» YOUR TASK
Your answer should consist of each line below that includes the word "Continuous".

» Records from a collection
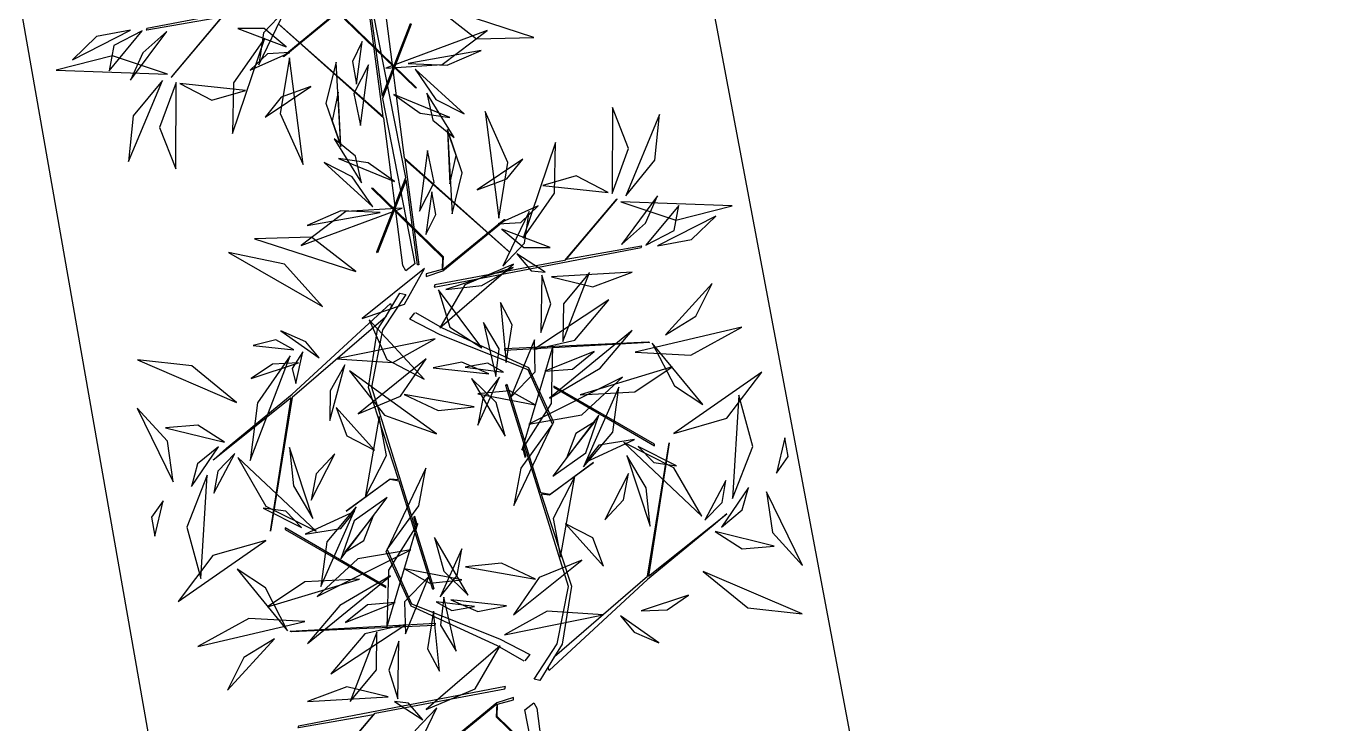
# Model space of a CAD drawing. Header units: centimetres. Extents: x 197412 to 267601, y -375791 to -305433.
# Drawn here: x 200745 to 203088, y -323796 to -322543 of the extents above; entities that cross this region are included whole.
import ezdxf

# ---------------------------------------------------------------- set-up
doc = ezdxf.new("R2010")
doc.units = ezdxf.units.CM
doc.layers.add('3-BAT C-Niveau 0', color=250, linetype='Continuous')

# ---------------------------------------------------------------- blocks, each defined once
blk = doc.blocks.new('Groupe-251-1')
at = {"linetype": 'Continuous', "flags": 128}
for points in [[(11851.98, -45054.45), (11865.46, -45052.09), (11856.34, -45062.92), (11856.48, -45062.86), (11865.77, -45051.88), (11889.04, -45047.53), (11889.16, -45047.08), (11851.99, -45054.23), (11851.87, -45054.47), (11851.95, -45054.46)], [(11940.71, -45093.29), (11927.23, -45095.64), (11936.35, -45084.82), (11936.21, -45084.87), (11926.92, -45095.86), (11903.66, -45100.21), (11903.53, -45100.65), (11940.7, -45093.51), (11940.82, -45093.27), (11940.75, -45093.28)], [(11900.19, -45105.19), (11904.98, -45107.93), (11920.46, -45115.08), (11924.93, -45124.88), (11924.76, -45125.22), (11920.4, -45115.48), (11904.62, -45109.18), (11899.17, -45106.37), (11900.09, -45105.24)], [(11919.69, -45167.76), (11914.9, -45165.02), (11899.42, -45157.88), (11894.95, -45148.08), (11895.12, -45147.74), (11899.49, -45157.48), (11915.27, -45163.78), (11920.71, -45166.59), (11919.79, -45167.71)], [(11879.17, -45179.67), (11892.65, -45177.32), (11883.53, -45188.14), (11883.67, -45188.08), (11892.96, -45177.1), (11916.23, -45172.75), (11916.35, -45172.31), (11879.18, -45179.45), (11879.06, -45179.69), (11879.14, -45179.68)]]:
    blk.add_lwpolyline(points, dxfattribs=at)
for points in [[(11875.72, -45053.46), (11894.41, -45070), (11891.9, -45051.11), (11892.13, -45051.13), (11894.2, -45066.35), (11899.32, -45053.28), (11899.41, -45053.44), (11894.26, -45066.78), (11900.09, -45096.45), (11898.48, -45097.72), (11897.93, -45096.75), (11894.52, -45070.3), (11875.89, -45053.65)], [(11890.56, -45049.03), (11887.61, -45050.04), (11876.44, -45059.2), (11876.62, -45059.17), (11887.57, -45050.22), (11887.47, -45052.53), (11900.13, -45064.81), (11900.39, -45064.85), (11887.65, -45052.45), (11887.71, -45050.27), (11890.57, -45049.51)], [(11916.98, -45094.27), (11898.28, -45077.73), (11900.8, -45096.63), (11900.56, -45096.61), (11898.5, -45081.38), (11893.37, -45094.46), (11893.28, -45094.29), (11898.43, -45080.96), (11892.61, -45051.28), (11894.22, -45050.02), (11894.77, -45050.99), (11898.17, -45077.44), (11916.8, -45094.08)], [(11902.13, -45098.7), (11905.08, -45097.7), (11916.25, -45088.54), (11916.08, -45088.57), (11905.12, -45097.52), (11905.23, -45095.21), (11892.57, -45082.93), (11892.3, -45082.89), (11905.04, -45095.29), (11904.99, -45097.47), (11902.12, -45098.23)], [(11898.43, -45101.95), (11894.27, -45108.31), (11892.27, -45118.6), (11903.49, -45154.7), (11903.31, -45154.9), (11897.27, -45135.45), (11895.56, -45135.18), (11887.75, -45140.86), (11895.66, -45135.01), (11897.16, -45135.16), (11891.73, -45118.64), (11893.4, -45108.25), (11894.78, -45106.02), (11878.08, -45120.46), (11874.19, -45144.41), (11877.89, -45120.47), (11863.87, -45131.66), (11866.29, -45129.55), (11878.09, -45119.83), (11895.7, -45103.55), (11895.89, -45104.05), (11894.78, -45106.02), (11897.37, -45101.72)], [(11941.94, -45110.46), (11942.17, -45110.58), (11916.19, -45112), (11916.21, -45111.61)], [(11921.45, -45171.01), (11925.61, -45164.64), (11927.62, -45154.36), (11916.4, -45118.26), (11916.57, -45118.05), (11922.61, -45137.5), (11924.32, -45137.78), (11932.13, -45132.09), (11924.23, -45137.95), (11922.72, -45137.79), (11928.15, -45154.31), (11926.48, -45164.71), (11925.1, -45166.93), (11941.8, -45152.49), (11945.69, -45128.55), (11942, -45152.49), (11956.02, -45141.3), (11953.6, -45143.4), (11941.79, -45153.13), (11924.19, -45169.41), (11923.99, -45168.9), (11925.1, -45166.93), (11922.51, -45171.24)], [(11925.01, -45118.4), (11925, -45118.59), (11943.09, -45129.11), (11943.06, -45128.84)], [(11894.88, -45154.56), (11894.88, -45154.37), (11876.79, -45143.85), (11876.83, -45144.11)], [(11877.94, -45162.5), (11877.72, -45162.38), (11903.7, -45160.96), (11903.68, -45161.35)], [(11917.75, -45174.26), (11914.8, -45175.26), (11903.63, -45184.42), (11903.81, -45184.39), (11914.76, -45175.44), (11914.66, -45177.75), (11927.32, -45190.03), (11927.58, -45190.07), (11914.84, -45177.67), (11914.9, -45175.49), (11917.76, -45174.73)], [(11944.17, -45219.49), (11925.47, -45202.95), (11927.99, -45221.85), (11927.75, -45221.83), (11925.69, -45206.6), (11920.56, -45219.68), (11920.47, -45219.51), (11925.62, -45206.18), (11919.8, -45176.5), (11921.41, -45175.24), (11921.96, -45176.21), (11925.36, -45202.66), (11943.99, -45219.3)]]:
    blk.add_lwpolyline(points, close=True, dxfattribs=at)
at = {"linetype": 'Continuous'}
for points in [[(11876.83, -45050.89, -207.06), (11872.94, -45055.01, -208.24), (11872.08, -45060.72, -209.24), (11872.08, -45060.72, -209.24), (11876.83, -45050.89, -207.06)], [(11903.22, -45049.92, -220.85), (11911.15, -45056.07, -221.31), (11921.4, -45055.79, -222.56), (11921.4, -45055.79, -222.56), (11903.22, -45049.92, -220.85)], [(11849.09, -45054.51, -174.84), (11842.96, -45055.65, -175.45), (11838.65, -45059.83, -176.76), (11838.65, -45059.83, -176.76), (11849.09, -45054.51, -174.84)], [(11851.15, -45054.63, -174.58), (11846.07, -45057.28, -172.2), (11845.25, -45061.78, -168.43), (11845.25, -45061.78, -168.43), (11851.15, -45054.63, -174.58)], [(11855.56, -45054.75, -186.97), (11851.26, -45058.6, -187.38), (11849.09, -45063.49, -185.5), (11849.09, -45063.49, -185.5), (11855.56, -45054.75, -186.97)], [(11877.01, -45057.5, -215.21), (11873.06, -45054.23, -213.09), (11868.33, -45054.23, -210.46), (11868.33, -45054.23, -210.46), (11877.01, -45057.5, -215.21)], [(11894.87, -45061.3, -225.36), (11904.99, -45060.67, -224.7), (11913.03, -45054.59, -224), (11913.03, -45054.59, -224), (11894.87, -45061.3, -225.36)], [(11873.16, -45055.92, -207.25), (11867.54, -45063.97, -205.29), (11867.37, -45073.04, -201.98), (11867.37, -45073.04, -201.98), (11873.16, -45055.92, -207.25)], [(11890.65, -45056.54, -197.01), (11888.88, -45060.13, -196.39), (11889.58, -45064.21, -196.61), (11889.58, -45064.21, -196.61), (11890.65, -45056.54, -197.01)], [(11898.86, -45060.51, -183.78), (11905.9, -45060.79, -183.14), (11911.95, -45058.15, -184.94), (11911.95, -45058.15, -184.94), (11898.86, -45060.51, -183.78)], [(11855.7, -45062.42, -186.41), (11845.82, -45059.12, -187.61), (11835.72, -45061.68, -186.97), (11835.72, -45061.68, -186.97), (11855.7, -45062.42, -186.41)], [(11877.66, -45058.49, -179.83), (11873.62, -45058.74, -178.67), (11870.53, -45061.71, -177.99), (11870.53, -45061.71, -177.99), (11877.66, -45058.49, -179.83)], [(11877.58, -45059.48, -179.52), (11875.92, -45069.46, -178.73), (11880.03, -45078.64, -177.91), (11880.03, -45078.64, -177.91), (11877.58, -45059.48, -179.52)], [(11885.96, -45060.26, -247.3), (11884.12, -45067.62, -244.69), (11886.78, -45075.38, -243.35), (11886.78, -45075.38, -243.35), (11885.96, -45060.26, -247.3)], [(11885.96, -45060.26, -247.3), (11884.12, -45067.62, -244.69), (11886.78, -45075.38, -243.35), (11886.78, -45075.38, -243.35), (11885.96, -45060.26, -247.3)], [(11891.78, -45060.75, -186.16), (11889.13, -45065.89, -185.75), (11890.34, -45071.63, -185.13), (11890.34, -45071.63, -185.13), (11891.78, -45060.75, -186.16)], [(11900.13, -45061.52, -176.88), (11903.86, -45066.94, -176.9), (11908.9, -45069.49, -174.04), (11908.9, -45069.49, -174.04), (11900.13, -45061.52, -176.88)], [(11854.79, -45063.51, -186.4), (11849.55, -45069.9, -186.75), (11848.71, -45078.1, -187), (11848.71, -45078.1, -187), (11854.79, -45063.51, -186.4)], [(11857.25, -45063.92, -182.25), (11854.27, -45071.99, -178.08), (11857.18, -45079.38, -173.29), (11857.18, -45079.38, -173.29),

» WRITTEN RESPONSE
doc.layers.add('3-BAT C-Niveau 0', color=250, linetype='Continuous')
at = {"linetype": 'Continuous', "flags": 128}
at = {"linetype": 'Continuous'}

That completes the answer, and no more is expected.